WHAT THE EXERCISE ASKS - Look through the material below and count the lines that hold "side". Give that number by itself.

RECORDS FOR THIS TASK -

Segment Open

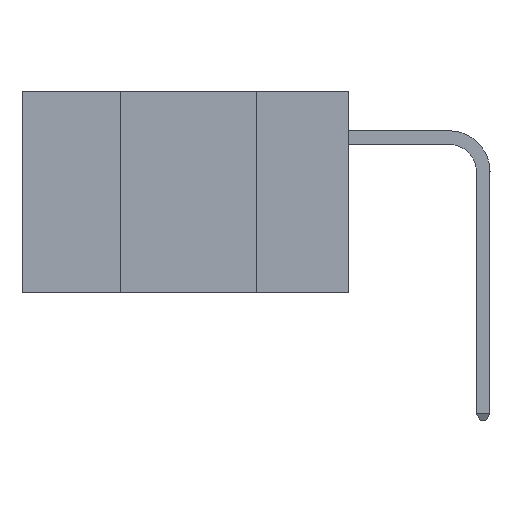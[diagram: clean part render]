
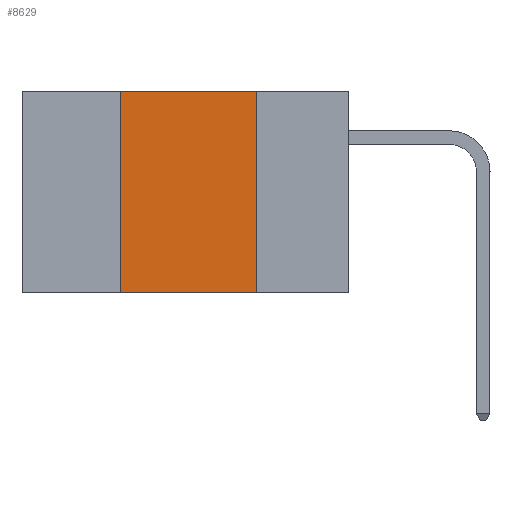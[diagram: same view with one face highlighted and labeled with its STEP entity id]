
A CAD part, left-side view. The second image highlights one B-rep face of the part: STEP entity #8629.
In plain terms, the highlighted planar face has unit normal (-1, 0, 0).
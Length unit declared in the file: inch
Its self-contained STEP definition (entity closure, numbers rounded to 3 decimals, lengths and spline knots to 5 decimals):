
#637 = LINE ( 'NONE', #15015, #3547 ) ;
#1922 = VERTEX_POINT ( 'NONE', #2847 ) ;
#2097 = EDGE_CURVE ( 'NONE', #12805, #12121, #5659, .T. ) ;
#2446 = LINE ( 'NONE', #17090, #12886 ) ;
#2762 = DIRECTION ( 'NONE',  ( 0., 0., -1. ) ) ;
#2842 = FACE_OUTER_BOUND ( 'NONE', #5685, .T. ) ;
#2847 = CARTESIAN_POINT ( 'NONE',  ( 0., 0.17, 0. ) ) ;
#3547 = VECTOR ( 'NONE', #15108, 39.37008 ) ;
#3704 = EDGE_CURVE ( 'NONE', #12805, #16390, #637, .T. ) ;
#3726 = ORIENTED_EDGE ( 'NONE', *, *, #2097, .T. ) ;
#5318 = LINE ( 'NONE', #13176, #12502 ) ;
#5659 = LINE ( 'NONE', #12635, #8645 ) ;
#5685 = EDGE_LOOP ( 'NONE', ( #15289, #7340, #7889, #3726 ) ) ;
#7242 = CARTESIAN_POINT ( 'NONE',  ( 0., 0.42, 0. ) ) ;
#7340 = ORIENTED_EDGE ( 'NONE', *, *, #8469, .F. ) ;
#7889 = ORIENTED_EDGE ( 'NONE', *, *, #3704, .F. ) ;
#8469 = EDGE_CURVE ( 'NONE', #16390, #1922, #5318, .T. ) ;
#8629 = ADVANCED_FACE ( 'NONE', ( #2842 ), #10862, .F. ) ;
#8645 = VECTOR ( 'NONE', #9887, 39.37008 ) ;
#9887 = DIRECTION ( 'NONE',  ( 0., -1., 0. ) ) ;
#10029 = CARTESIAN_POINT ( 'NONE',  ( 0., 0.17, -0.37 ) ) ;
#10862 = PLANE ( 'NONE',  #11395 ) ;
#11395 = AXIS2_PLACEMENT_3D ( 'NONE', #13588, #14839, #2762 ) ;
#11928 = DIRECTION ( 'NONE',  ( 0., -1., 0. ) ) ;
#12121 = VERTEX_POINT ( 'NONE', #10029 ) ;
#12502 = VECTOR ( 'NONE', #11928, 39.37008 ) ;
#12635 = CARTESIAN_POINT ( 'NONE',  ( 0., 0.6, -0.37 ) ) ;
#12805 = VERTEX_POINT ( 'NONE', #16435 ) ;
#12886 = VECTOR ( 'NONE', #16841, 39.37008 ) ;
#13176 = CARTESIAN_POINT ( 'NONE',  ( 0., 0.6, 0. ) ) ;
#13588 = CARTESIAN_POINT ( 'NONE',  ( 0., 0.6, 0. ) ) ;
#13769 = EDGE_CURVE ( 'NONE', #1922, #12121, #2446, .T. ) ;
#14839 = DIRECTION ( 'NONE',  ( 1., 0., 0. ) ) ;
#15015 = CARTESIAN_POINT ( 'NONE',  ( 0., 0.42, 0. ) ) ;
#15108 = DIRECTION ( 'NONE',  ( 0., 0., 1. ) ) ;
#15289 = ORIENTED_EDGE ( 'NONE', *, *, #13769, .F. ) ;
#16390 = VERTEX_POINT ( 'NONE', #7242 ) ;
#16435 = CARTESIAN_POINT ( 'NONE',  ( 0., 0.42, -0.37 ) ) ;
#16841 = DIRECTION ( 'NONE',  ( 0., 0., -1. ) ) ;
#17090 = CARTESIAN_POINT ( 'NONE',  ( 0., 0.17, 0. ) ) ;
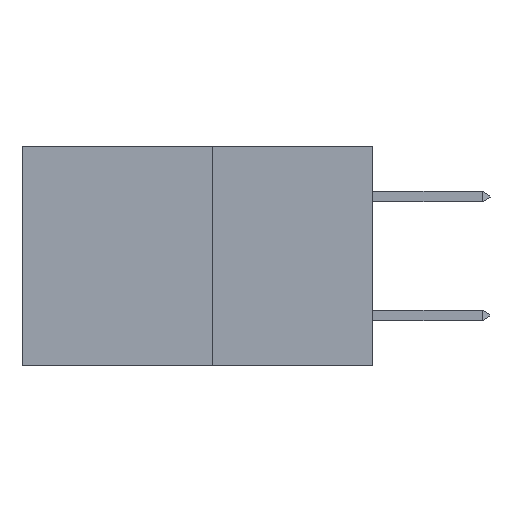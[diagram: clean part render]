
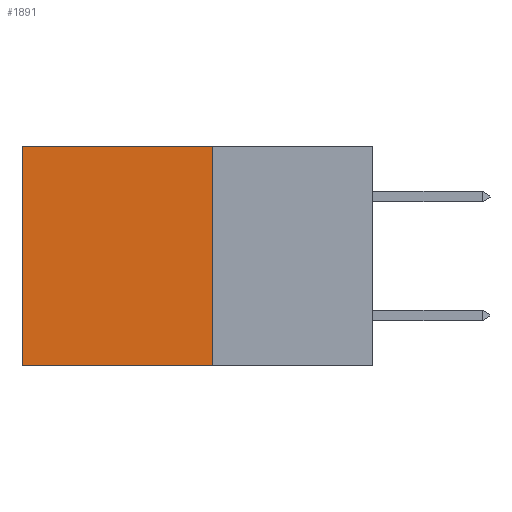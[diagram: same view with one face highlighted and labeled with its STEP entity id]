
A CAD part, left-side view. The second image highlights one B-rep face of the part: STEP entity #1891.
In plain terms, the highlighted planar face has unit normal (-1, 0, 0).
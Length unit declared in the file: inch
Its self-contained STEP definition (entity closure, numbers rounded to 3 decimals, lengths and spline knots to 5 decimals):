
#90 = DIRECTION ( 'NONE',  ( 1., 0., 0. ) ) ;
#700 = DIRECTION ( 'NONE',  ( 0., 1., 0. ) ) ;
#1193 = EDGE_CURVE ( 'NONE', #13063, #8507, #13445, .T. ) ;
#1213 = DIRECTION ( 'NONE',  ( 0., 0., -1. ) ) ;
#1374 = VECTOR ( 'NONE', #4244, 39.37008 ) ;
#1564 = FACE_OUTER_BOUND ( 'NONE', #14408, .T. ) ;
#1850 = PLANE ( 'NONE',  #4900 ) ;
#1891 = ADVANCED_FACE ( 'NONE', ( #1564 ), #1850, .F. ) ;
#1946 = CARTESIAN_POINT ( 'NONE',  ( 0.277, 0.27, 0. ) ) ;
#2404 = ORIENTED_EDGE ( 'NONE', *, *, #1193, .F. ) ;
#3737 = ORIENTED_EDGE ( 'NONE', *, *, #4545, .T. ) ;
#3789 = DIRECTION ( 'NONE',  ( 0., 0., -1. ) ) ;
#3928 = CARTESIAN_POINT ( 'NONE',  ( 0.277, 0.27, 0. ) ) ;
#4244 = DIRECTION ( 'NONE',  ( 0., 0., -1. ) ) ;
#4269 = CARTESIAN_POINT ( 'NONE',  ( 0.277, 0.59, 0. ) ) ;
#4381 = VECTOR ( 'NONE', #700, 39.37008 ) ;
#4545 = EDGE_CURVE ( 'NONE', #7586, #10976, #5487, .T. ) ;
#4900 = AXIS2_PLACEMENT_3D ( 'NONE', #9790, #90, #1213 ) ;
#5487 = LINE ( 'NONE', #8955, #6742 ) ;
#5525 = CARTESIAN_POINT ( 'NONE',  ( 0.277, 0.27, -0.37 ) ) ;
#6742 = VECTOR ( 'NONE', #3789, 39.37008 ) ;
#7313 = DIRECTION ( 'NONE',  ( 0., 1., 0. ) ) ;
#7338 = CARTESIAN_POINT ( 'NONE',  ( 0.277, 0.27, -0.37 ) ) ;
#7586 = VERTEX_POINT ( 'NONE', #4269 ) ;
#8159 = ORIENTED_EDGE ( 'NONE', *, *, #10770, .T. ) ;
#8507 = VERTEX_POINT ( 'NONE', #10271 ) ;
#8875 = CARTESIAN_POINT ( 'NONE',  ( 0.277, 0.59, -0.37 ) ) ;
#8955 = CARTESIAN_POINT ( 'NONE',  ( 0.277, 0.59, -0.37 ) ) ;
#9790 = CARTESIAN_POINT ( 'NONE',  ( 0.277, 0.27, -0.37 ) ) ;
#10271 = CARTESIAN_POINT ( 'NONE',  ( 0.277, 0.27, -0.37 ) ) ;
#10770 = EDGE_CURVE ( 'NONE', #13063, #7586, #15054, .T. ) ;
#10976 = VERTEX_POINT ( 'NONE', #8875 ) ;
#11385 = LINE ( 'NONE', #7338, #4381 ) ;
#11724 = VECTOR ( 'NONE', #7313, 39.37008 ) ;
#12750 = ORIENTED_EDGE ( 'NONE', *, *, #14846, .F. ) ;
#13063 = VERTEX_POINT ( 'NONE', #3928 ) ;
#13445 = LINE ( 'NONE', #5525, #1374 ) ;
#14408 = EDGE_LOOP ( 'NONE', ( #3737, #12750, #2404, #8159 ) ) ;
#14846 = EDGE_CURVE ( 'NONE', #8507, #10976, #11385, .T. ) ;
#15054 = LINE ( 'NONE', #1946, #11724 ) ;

Segment Closed

TASK ANSWER - 2